▸ **WHAT THE EXERCISE ASKS**
Produce an exact copy of the lines from the line containing "Motor Current/3(Max0) -> Max I0/1" through the last line of the entries below, and only those lines.

(THE DATA)

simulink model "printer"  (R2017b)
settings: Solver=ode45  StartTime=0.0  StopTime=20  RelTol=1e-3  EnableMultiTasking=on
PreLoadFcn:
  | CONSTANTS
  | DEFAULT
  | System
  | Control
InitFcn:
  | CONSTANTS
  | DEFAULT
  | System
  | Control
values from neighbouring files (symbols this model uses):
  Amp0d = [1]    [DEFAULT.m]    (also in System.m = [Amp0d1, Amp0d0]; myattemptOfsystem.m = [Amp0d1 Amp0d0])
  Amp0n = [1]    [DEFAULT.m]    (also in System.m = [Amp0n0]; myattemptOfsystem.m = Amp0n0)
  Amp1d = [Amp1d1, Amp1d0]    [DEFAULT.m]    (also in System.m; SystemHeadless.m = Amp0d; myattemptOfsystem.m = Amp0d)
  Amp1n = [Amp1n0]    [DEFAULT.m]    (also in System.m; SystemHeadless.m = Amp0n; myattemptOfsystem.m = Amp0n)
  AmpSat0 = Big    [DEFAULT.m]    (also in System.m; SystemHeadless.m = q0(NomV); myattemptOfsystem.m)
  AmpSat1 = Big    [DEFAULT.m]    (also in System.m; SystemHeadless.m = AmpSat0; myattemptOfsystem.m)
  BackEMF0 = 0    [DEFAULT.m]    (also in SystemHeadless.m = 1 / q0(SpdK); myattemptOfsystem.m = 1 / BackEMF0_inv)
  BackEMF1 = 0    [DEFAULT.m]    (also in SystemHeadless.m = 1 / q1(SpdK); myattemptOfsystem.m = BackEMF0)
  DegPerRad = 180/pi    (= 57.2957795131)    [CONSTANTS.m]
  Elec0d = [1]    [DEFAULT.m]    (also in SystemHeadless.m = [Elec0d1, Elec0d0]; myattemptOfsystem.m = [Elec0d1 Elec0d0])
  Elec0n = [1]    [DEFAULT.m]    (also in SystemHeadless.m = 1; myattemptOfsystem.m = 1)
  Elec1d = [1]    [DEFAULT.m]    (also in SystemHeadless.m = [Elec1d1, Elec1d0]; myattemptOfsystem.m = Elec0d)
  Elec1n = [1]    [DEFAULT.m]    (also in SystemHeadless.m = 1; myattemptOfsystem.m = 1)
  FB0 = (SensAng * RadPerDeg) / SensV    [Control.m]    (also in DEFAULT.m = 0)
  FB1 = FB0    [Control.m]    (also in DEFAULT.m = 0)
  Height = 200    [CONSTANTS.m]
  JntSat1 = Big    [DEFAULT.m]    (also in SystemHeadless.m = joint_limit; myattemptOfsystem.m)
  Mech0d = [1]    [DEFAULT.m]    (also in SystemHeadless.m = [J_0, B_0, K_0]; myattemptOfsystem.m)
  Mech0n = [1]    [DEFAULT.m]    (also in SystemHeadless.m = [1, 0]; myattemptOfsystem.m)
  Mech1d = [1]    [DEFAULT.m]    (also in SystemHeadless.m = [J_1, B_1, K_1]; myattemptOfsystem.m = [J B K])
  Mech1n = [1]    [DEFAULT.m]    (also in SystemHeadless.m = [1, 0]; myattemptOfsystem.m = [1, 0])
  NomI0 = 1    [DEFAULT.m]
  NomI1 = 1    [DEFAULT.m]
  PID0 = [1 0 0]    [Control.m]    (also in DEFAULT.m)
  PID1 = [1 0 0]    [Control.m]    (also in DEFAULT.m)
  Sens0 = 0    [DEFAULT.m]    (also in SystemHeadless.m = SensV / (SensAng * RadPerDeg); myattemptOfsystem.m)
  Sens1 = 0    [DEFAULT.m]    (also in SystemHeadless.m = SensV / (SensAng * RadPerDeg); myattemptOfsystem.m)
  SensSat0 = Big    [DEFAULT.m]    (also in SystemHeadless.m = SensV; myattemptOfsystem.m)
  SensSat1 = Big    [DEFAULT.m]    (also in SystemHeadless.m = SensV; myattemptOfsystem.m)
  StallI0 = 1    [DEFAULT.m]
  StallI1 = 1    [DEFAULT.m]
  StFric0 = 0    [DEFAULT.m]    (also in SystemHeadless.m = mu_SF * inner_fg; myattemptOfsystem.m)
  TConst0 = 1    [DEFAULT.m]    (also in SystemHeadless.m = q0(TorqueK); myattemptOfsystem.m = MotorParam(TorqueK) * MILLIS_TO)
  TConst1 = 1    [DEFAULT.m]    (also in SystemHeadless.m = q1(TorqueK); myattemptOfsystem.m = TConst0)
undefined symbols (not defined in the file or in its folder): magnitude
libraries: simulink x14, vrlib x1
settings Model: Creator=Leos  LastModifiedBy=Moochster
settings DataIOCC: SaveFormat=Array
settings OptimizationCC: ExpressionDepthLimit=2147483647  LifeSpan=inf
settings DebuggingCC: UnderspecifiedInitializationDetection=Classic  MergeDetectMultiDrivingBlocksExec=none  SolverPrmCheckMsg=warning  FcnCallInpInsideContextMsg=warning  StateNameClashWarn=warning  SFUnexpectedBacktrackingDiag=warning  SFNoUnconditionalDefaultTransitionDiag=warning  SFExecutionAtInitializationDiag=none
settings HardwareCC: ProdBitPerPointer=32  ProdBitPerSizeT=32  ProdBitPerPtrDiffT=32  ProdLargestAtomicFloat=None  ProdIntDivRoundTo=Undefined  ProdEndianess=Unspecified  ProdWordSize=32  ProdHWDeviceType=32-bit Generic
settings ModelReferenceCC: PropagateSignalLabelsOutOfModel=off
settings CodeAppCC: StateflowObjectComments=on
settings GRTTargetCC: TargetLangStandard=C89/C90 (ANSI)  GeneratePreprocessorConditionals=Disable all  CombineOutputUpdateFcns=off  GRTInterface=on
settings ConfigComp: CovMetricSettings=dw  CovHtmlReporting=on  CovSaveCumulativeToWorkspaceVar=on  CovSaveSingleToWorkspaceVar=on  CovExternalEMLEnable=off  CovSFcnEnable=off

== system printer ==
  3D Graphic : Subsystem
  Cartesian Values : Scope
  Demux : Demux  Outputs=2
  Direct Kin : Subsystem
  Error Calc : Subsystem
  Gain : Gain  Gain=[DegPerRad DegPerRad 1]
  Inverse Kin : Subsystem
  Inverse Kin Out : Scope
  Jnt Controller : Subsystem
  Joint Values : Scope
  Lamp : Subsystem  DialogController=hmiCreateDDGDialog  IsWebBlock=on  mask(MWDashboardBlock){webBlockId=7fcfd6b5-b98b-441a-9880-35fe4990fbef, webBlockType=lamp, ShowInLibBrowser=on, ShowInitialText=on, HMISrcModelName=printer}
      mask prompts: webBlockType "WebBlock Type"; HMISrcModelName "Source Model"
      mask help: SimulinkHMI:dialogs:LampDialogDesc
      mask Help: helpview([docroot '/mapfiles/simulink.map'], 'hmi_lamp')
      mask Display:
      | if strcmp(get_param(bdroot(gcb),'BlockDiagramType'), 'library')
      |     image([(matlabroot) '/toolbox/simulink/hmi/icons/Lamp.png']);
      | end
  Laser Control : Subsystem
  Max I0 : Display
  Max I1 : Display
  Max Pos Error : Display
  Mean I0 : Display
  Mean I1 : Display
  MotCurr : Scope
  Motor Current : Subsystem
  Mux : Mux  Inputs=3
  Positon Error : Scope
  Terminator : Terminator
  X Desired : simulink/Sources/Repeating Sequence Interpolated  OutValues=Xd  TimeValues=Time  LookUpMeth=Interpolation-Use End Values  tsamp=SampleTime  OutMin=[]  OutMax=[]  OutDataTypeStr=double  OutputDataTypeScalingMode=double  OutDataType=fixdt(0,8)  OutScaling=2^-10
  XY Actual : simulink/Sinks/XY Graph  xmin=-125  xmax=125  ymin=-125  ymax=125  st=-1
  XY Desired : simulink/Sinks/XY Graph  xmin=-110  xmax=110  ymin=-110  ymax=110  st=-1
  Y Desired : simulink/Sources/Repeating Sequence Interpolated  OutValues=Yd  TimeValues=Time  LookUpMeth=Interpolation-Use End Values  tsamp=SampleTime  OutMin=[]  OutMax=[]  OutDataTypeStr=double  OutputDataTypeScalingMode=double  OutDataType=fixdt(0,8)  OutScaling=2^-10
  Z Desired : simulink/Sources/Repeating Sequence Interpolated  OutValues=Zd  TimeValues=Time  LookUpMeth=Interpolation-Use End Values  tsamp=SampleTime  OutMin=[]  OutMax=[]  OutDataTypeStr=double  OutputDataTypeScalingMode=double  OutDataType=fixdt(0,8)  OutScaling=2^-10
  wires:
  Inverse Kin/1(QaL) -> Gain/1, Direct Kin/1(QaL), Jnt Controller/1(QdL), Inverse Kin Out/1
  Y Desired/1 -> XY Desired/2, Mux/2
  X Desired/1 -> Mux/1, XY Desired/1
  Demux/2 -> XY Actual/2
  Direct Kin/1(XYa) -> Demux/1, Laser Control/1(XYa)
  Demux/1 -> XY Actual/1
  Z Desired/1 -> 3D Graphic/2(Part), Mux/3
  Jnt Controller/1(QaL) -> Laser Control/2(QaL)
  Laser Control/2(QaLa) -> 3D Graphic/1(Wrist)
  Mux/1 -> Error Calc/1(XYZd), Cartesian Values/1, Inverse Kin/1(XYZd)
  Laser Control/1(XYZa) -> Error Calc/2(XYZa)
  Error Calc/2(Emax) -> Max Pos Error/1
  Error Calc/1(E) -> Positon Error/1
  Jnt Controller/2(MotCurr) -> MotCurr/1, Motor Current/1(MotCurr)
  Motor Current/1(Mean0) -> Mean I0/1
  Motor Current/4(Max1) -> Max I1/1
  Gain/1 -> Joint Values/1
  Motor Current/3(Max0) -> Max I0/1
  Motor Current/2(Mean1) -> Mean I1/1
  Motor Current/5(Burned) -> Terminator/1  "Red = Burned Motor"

(End THE DATA)

▸ **OUTPUT FOR THIS EXERCISE**
  Motor Current/3(Max0) -> Max I0/1
  Motor Current/2(Mean1) -> Mean I1/1
  Motor Current/5(Burned) -> Terminator/1  "Red = Burned Motor"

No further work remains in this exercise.